Please state how many lines below include the word "sheet"; the reply should be the number only.

+ + +

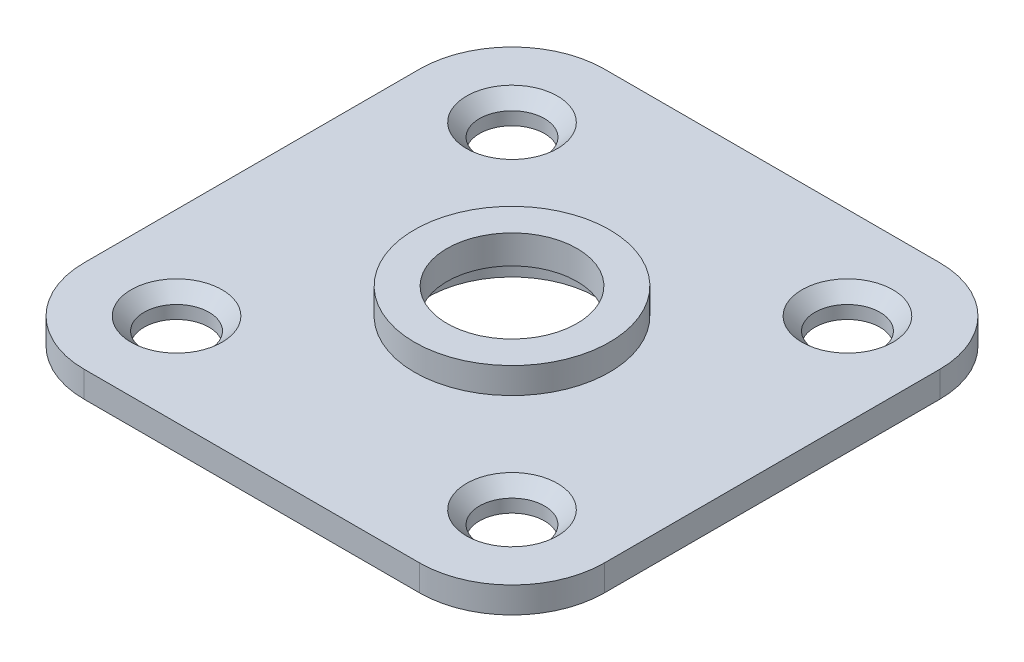
SolidWorks part; units mm, degrees
ref_plane "Front Plane" through (0, 0, 0) normal (0, 0, 1) x (1, 0, 0)
ref_plane "Top Plane" through (0, 0, 0) normal (0, 1, 0) x (1, 0, 0)
ref_plane "Right Plane" through (0, 0, 0) normal (1, 0, 0) x (0, 0, -1)
sketch "Sketch2" plane through (0, 0, 0) normal (0, 1, 0) x (1, 0, 0)
  line L1 (-25.4, 25.4) -> (25.4, 25.4)
  line L2 (-25.4, 25.4) -> (-25.4, -25.4)
  line L3 (-25.4, -25.4) -> (25.4, -25.4)
  line L4 (25.4, 25.4) -> (25.4, -25.4)
  line L5 (-25.4, 25.4) -> (25.4, -25.4) construction
  line L6 (-25.4, -25.4) -> (25.4, 25.4) construction
  point P0 (0, 0)
  dimension "D1" = 50.8
base flange "Base-Flange1" sketch "Sketch2" thickness 2.54 reverse thickness direction no parameters "D1"=0.7366
fillet "Fillet1" radius 9.017 4 edges at (-25.4, -1.27, -25.4) (-25.4, -1.27, 25.4) (25.4, -1.27, 25.4) (25.4, -1.27, -25.4)
sketch "Sketch9" plane through (0, 0, 0) normal (0, 1, 0) x (1, 0, 0)
  circle A0 centre (0, 0) radius 9.525
  dimension "D1" = 19.05
extrude "Boss-Extrude1" add sketch "Sketch9" along normal blind 2.54
sketch "Sketch10" plane through (0, -2.54, 0) normal (0, -1, 0) x (1, 0, 0)
  circle A0 centre (0, 0) radius 8.255
  dimension "D1" = 16.51
extrude "Cut-Extrude1" cut sketch "Sketch10" against normal blind 2.286 normal cut yes
sketch "Sketch11" plane through (0, -0.254, 0) normal (0, -1, 0) x (1, 0, 0)
  circle A0 centre (0, 0) radius 6.35
  dimension "D1" = 12.7
extrude "Cut-Extrude2" cut sketch "Sketch11" against normal through all normal cut yes
sketch "Sketch12" plane through (0, -2.54, 0) normal (0, -1, 0) x (1, 0, 0)
  circle A0 centre (-16.383, -16.383) radius 3.175
  dimension "D1" = 6.35
extrude "Cut-Extrude4" cut sketch "Sketch12" against normal through all normal cut yes
mirror "Mirror1" about plane through (0, 0, 0) normal (1, 0, 0) of "Cut-Extrude4"
mirror "Mirror2" about plane through (0, 0, 0) normal (0, 0, 1) of "Mirror1", "Cut-Extrude4"
chamfer "Chamfer1" distance 1.27 angle 45 4 edges at (-16.383, 0, 19.558) (16.383, 0, 19.558) (16.383, 0, -13.208) (-16.383, 0, -13.208)
sketch "Bend-Lines1" [suppressed] plane through (0, 0, 0) normal (0, 1, 0) x (1, 0, 0)
sketch "Bounding-Box1" [suppressed] plane through (0, 0, 0) normal (0, 1, 0) x (1, 0, 0)
sheet metal parameters "Sheet-Metal1" thickness 2.54 parameters "D1"=0.7366
flat pattern "Flat-Pattern1" [suppressed]
sketch "Bend-Lines2" plane through (0, 0, 0) normal (0, 1, 0) x (1, 0, 0)
sketch3d "Bounding-Box2" [suppressed]
  line L0 (-25.4, -25.4, 0) -> (25.4, -25.4, 0) construction
  line L1 (-25.4, 25.4, 0) -> (25.4, 25.4, 0) construction
  line L2 (-25.4, -25.4, 0) -> (-25.4, 25.4, 0) construction
  line L3 (25.4, -25.4, 0) -> (25.4, 25.4, 0) construction
sheet metal parameters "Sheet-Metal2" thickness 2.54 parameters "D1"=0.7366
flat pattern "Flat-Pattern1"
sketch "Bend-Lines2" plane through (0, 0, 0) normal (0, 1, 0) x (1, 0, 0)
sketch3d "Bounding-Box2" [suppressed]
  line L0 (-25.4, -25.4, 0) -> (25.4, -25.4, 0) construction
  line L1 (-25.4, 25.4, 0) -> (25.4, 25.4, 0) construction
  line L2 (-25.4, -25.4, 0) -> (-25.4, 25.4, 0) construction
  line L3 (25.4, -25.4, 0) -> (25.4, 25.4, 0) construction
sheet metal parameters "Sheet-Metal3" thickness 2.54 parameters "D1"=0.7366
flat pattern "Flat-Pattern1"
sketch "Bend-Lines2" plane through (0, 0, 0) normal (0, 1, 0) x (1, 0, 0)
sketch3d "Bounding-Box2" [suppressed]
  line L0 (-25.4, -25.4, 0) -> (25.4, -25.4, 0) construction
  line L1 (-25.4, 25.4, 0) -> (25.4, 25.4, 0) construction
  line L2 (-25.4, -25.4, 0) -> (-25.4, 25.4, 0) construction
  line L3 (25.4, -25.4, 0) -> (25.4, 25.4, 0) construction
sheet metal parameters "Sheet-Metal4" thickness 2.54 parameters "D1"=0.7366
flat pattern "Flat-Pattern1" [suppressed]
sketch "Bend-Lines2" plane through (0, 0, 0) normal (0, 1, 0) x (1, 0, 0)
sketch3d "Bounding-Box2" [suppressed]
  line L0 (-25.4, -25.4, 0) -> (25.4, -25.4, 0) construction
  line L1 (-25.4, 25.4, 0) -> (25.4, 25.4, 0) construction
  line L2 (-25.4, -25.4, 0) -> (-25.4, 25.4, 0) construction
  line L3 (25.4, -25.4, 0) -> (25.4, 25.4, 0) construction
sketch "Sketch12-1" [suppressed] plane through (0, -2.54, 0) normal (0, -1, 0) x (1, 0, 0)
  circle A0 centre (-16.383, -16.383) radius 3.175
  dimension "D1" = 6.35
sheet metal parameters "Sheet-Metal6" thickness 2.54 parameters "D1"=0.7366
flat pattern "Flat-Pattern1" [suppressed]
sketch "Bend-Lines2" plane through (0, 0, 0) normal (0, 1, 0) x (1, 0, 0)
sketch3d "Bounding-Box2" [suppressed]
  line L0 (-25.4, -25.4, 0) -> (25.4, -25.4, 0) construction
  line L1 (-25.4, 25.4, 0) -> (25.4, 25.4, 0) construction
  line L2 (-25.4, -25.4, 0) -> (-25.4, 25.4, 0) construction
  line L3 (25.4, -25.4, 0) -> (25.4, 25.4, 0) construction
sketch "Sketch12-1" [suppressed] plane through (0, -2.54, 0) normal (0, -1, 0) x (1, 0, 0)
  circle A0 centre (-16.383, -16.383) radius 3.175
  dimension "D1" = 6.35
sheet metal parameters "Sheet-Metal7" thickness 2.54 parameters "D1"=0.7366
flat pattern "Flat-Pattern1" [suppressed]
sketch "Bend-Lines2" plane through (0, 0, 0) normal (0, 1, 0) x (1, 0, 0)
sketch3d "Bounding-Box2" [suppressed]
  line L0 (-25.4, -25.4, 0) -> (25.4, -25.4, 0) construction
  line L1 (-25.4, 25.4, 0) -> (25.4, 25.4, 0) construction
  line L2 (-25.4, -25.4, 0) -> (-25.4, 25.4, 0) construction
  line L3 (25.4, -25.4, 0) -> (25.4, 25.4, 0) construction
sketch "Sketch12-1" [suppressed] plane through (0, -2.54, 0) normal (0, -1, 0) x (1, 0, 0)
  circle A0 centre (-16.383, -16.383) radius 3.175
  dimension "D1" = 6.35
sheet metal parameters "Sheet-Metal8" thickness 2.54 parameters "D1"=0.7366
flat pattern "Flat-Pattern1" [suppressed]
sketch "Bend-Lines2" plane through (0, 0, 0) normal (0, 1, 0) x (1, 0, 0)
sketch3d "Bounding-Box2" [suppressed]
  line L0 (-25.4, -25.4, 0) -> (25.4, -25.4, 0) construction
  line L1 (-25.4, 25.4, 0) -> (25.4, 25.4, 0) construction
  line L2 (-25.4, -25.4, 0) -> (-25.4, 25.4, 0) construction
  line L3 (25.4, -25.4, 0) -> (25.4, 25.4, 0) construction
sketch "Sketch12-1" [suppressed] plane through (0, -2.54, 0) normal (0, -1, 0) x (1, 0, 0)
  circle A0 centre (-16.383, -16.383) radius 3.175
  dimension "D1" = 6.35

+ + +

Exercise output :: 7